**To do**
Only lines holding "symbols" are wanted; copy each of them from the records below.
(Dataset entries begins)
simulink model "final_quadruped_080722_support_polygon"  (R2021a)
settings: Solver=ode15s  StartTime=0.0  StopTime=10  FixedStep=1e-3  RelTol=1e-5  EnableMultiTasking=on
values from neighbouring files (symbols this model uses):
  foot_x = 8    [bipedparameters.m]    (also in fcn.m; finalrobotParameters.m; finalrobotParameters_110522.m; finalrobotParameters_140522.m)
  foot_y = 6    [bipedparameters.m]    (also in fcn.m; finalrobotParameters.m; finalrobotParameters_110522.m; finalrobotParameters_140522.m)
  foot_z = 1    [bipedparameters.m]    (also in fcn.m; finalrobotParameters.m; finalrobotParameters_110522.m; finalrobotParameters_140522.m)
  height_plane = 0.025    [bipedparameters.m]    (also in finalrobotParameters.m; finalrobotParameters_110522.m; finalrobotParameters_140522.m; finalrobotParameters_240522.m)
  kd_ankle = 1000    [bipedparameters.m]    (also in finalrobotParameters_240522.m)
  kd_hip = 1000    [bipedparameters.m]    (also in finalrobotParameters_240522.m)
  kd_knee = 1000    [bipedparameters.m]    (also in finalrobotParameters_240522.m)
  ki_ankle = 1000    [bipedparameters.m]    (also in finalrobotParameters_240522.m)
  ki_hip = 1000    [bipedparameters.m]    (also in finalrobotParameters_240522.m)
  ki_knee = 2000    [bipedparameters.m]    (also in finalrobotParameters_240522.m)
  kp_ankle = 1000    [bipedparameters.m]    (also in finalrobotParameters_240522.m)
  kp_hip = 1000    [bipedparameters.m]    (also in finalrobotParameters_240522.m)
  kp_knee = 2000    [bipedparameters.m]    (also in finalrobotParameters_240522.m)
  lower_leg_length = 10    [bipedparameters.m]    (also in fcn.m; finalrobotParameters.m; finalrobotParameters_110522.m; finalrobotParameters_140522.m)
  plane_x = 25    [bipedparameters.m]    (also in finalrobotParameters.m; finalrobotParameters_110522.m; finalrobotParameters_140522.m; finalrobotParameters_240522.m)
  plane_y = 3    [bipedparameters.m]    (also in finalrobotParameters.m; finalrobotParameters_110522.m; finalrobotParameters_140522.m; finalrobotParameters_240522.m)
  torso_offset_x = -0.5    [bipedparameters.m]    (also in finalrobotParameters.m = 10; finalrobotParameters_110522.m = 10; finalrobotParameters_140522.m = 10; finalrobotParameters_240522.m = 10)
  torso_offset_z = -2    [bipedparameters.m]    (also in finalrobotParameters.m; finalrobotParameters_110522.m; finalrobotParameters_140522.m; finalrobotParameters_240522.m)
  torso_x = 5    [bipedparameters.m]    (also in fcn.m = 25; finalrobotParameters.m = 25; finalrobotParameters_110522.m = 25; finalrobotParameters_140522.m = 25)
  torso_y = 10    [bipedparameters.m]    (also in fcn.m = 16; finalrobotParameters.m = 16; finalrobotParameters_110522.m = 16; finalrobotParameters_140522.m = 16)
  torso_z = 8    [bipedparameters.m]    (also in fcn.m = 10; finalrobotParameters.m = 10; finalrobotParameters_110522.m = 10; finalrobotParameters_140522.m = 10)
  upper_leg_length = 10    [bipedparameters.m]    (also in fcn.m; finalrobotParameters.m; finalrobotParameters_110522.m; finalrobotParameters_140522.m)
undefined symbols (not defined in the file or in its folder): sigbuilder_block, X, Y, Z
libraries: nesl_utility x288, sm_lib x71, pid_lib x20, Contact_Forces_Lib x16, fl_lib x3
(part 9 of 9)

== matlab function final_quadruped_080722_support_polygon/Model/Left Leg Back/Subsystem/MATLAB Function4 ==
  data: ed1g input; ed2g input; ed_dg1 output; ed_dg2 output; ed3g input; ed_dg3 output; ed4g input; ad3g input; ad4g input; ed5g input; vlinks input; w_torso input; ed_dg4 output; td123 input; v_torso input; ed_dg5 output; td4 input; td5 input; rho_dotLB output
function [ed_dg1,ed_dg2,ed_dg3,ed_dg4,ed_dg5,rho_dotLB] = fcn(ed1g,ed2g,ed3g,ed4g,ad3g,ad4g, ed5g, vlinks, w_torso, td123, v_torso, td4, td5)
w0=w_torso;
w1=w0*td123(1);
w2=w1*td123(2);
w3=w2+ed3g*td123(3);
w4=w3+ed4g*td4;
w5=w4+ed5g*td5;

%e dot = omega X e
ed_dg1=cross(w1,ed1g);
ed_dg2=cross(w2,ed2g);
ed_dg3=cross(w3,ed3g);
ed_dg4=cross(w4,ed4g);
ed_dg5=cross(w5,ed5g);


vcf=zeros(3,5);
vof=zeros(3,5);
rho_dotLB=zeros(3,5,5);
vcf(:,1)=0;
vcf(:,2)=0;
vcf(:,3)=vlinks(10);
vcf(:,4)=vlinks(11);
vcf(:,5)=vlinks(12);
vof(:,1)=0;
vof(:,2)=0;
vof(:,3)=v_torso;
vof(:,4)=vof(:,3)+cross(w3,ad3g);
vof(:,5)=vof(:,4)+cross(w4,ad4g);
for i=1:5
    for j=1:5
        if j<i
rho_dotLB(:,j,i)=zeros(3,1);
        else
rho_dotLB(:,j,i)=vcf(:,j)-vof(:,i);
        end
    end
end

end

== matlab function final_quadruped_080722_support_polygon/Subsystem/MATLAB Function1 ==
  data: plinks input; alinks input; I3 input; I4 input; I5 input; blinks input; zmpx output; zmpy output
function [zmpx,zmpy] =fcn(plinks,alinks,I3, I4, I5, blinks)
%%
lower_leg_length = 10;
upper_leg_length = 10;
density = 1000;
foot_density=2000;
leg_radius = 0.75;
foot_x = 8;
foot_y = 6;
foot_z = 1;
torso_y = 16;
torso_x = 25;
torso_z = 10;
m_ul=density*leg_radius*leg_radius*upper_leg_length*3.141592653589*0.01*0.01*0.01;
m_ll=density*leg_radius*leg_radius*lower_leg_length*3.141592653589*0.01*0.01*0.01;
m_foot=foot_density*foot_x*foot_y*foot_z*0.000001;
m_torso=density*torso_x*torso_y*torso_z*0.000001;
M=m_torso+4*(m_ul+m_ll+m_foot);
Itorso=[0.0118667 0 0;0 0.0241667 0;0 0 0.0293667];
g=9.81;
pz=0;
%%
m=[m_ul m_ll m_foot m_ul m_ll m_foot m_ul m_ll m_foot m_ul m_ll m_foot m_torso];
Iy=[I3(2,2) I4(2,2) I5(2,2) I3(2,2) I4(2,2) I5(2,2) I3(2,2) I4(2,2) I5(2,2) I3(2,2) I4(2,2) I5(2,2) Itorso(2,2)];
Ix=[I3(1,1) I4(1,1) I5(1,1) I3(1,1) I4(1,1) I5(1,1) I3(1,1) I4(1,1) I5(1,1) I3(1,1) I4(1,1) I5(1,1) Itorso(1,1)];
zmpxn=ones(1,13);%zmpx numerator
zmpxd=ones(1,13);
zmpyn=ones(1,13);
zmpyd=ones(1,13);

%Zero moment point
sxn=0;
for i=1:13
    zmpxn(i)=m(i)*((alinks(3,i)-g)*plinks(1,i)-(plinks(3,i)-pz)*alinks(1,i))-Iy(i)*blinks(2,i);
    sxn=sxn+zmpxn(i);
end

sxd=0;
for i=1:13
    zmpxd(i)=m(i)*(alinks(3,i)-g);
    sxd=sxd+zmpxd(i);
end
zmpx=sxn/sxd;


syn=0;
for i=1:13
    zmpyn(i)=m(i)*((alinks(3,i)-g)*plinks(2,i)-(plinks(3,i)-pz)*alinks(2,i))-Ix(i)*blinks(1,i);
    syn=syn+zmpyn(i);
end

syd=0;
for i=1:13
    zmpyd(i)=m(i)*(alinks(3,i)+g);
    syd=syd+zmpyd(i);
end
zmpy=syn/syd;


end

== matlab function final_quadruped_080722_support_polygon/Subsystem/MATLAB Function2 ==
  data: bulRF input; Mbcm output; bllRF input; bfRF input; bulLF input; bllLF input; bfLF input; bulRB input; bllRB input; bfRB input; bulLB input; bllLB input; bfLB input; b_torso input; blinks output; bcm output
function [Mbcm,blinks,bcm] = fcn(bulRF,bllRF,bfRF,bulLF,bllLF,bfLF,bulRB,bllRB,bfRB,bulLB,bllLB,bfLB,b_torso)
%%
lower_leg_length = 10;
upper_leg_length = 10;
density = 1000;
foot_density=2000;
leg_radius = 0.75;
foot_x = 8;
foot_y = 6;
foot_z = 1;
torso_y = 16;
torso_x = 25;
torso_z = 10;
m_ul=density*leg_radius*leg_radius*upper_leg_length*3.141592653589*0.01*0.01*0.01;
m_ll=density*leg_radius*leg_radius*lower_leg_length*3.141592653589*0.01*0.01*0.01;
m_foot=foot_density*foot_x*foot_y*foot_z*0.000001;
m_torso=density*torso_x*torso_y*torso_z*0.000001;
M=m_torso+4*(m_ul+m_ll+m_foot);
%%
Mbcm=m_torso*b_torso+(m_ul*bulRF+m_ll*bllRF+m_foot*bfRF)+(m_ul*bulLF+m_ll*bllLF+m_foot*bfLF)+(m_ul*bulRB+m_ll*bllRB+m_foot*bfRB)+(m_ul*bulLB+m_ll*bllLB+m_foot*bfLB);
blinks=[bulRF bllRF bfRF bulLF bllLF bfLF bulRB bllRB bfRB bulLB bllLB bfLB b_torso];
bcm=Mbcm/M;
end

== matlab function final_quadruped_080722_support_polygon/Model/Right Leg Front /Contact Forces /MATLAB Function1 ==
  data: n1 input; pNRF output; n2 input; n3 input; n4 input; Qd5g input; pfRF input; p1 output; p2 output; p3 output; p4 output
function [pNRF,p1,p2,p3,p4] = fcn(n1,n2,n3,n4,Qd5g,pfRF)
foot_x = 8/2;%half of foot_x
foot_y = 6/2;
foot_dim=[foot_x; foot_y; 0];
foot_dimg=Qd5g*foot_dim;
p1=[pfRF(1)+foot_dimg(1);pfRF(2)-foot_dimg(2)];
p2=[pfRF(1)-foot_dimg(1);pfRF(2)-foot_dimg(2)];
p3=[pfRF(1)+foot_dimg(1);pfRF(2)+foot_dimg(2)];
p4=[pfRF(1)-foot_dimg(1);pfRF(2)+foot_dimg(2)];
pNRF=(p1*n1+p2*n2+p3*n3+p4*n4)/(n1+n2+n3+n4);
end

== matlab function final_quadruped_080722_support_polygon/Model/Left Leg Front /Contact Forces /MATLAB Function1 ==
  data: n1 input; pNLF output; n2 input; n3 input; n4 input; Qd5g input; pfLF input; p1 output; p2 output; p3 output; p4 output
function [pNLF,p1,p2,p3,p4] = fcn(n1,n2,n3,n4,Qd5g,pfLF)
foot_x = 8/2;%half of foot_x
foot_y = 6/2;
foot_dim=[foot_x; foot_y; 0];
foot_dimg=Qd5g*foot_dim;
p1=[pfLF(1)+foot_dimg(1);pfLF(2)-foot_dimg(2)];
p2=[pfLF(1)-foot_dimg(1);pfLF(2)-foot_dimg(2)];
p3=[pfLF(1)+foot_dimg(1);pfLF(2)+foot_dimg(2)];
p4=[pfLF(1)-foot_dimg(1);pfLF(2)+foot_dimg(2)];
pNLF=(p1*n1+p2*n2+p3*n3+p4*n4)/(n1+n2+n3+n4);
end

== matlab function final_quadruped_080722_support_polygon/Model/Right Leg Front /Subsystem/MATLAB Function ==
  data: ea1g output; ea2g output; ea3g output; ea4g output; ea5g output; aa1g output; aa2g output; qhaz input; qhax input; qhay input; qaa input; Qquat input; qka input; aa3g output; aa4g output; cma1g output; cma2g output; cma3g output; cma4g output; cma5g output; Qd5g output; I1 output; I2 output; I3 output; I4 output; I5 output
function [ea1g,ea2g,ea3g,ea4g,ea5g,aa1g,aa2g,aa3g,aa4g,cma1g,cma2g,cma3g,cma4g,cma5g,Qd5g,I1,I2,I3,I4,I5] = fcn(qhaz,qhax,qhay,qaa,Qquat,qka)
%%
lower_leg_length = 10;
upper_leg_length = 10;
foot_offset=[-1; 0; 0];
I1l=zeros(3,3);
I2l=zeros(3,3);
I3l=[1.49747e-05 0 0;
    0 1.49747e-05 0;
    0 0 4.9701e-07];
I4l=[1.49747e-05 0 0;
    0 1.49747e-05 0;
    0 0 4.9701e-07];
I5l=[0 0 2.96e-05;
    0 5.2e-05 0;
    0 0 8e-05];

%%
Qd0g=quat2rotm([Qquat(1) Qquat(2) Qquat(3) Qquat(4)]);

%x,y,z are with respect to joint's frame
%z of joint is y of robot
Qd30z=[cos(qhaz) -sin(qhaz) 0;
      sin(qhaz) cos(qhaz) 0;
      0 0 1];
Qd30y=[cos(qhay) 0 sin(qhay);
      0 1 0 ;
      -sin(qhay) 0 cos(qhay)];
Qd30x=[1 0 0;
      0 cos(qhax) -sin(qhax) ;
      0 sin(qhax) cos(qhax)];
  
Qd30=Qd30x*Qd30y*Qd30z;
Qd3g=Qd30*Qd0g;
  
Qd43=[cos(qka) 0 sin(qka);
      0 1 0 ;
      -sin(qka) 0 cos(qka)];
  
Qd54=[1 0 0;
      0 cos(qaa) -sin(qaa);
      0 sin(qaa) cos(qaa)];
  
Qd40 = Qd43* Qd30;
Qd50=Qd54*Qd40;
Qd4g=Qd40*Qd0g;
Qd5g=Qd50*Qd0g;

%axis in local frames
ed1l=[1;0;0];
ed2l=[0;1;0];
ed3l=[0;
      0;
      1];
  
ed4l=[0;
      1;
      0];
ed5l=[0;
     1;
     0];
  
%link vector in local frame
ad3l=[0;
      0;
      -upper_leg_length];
(Dataset entries ends)
**Response to this task**
values from neighbouring files (symbols this model uses):
undefined symbols (not defined in the file or in its folder): sigbuilder_block, X, Y, Z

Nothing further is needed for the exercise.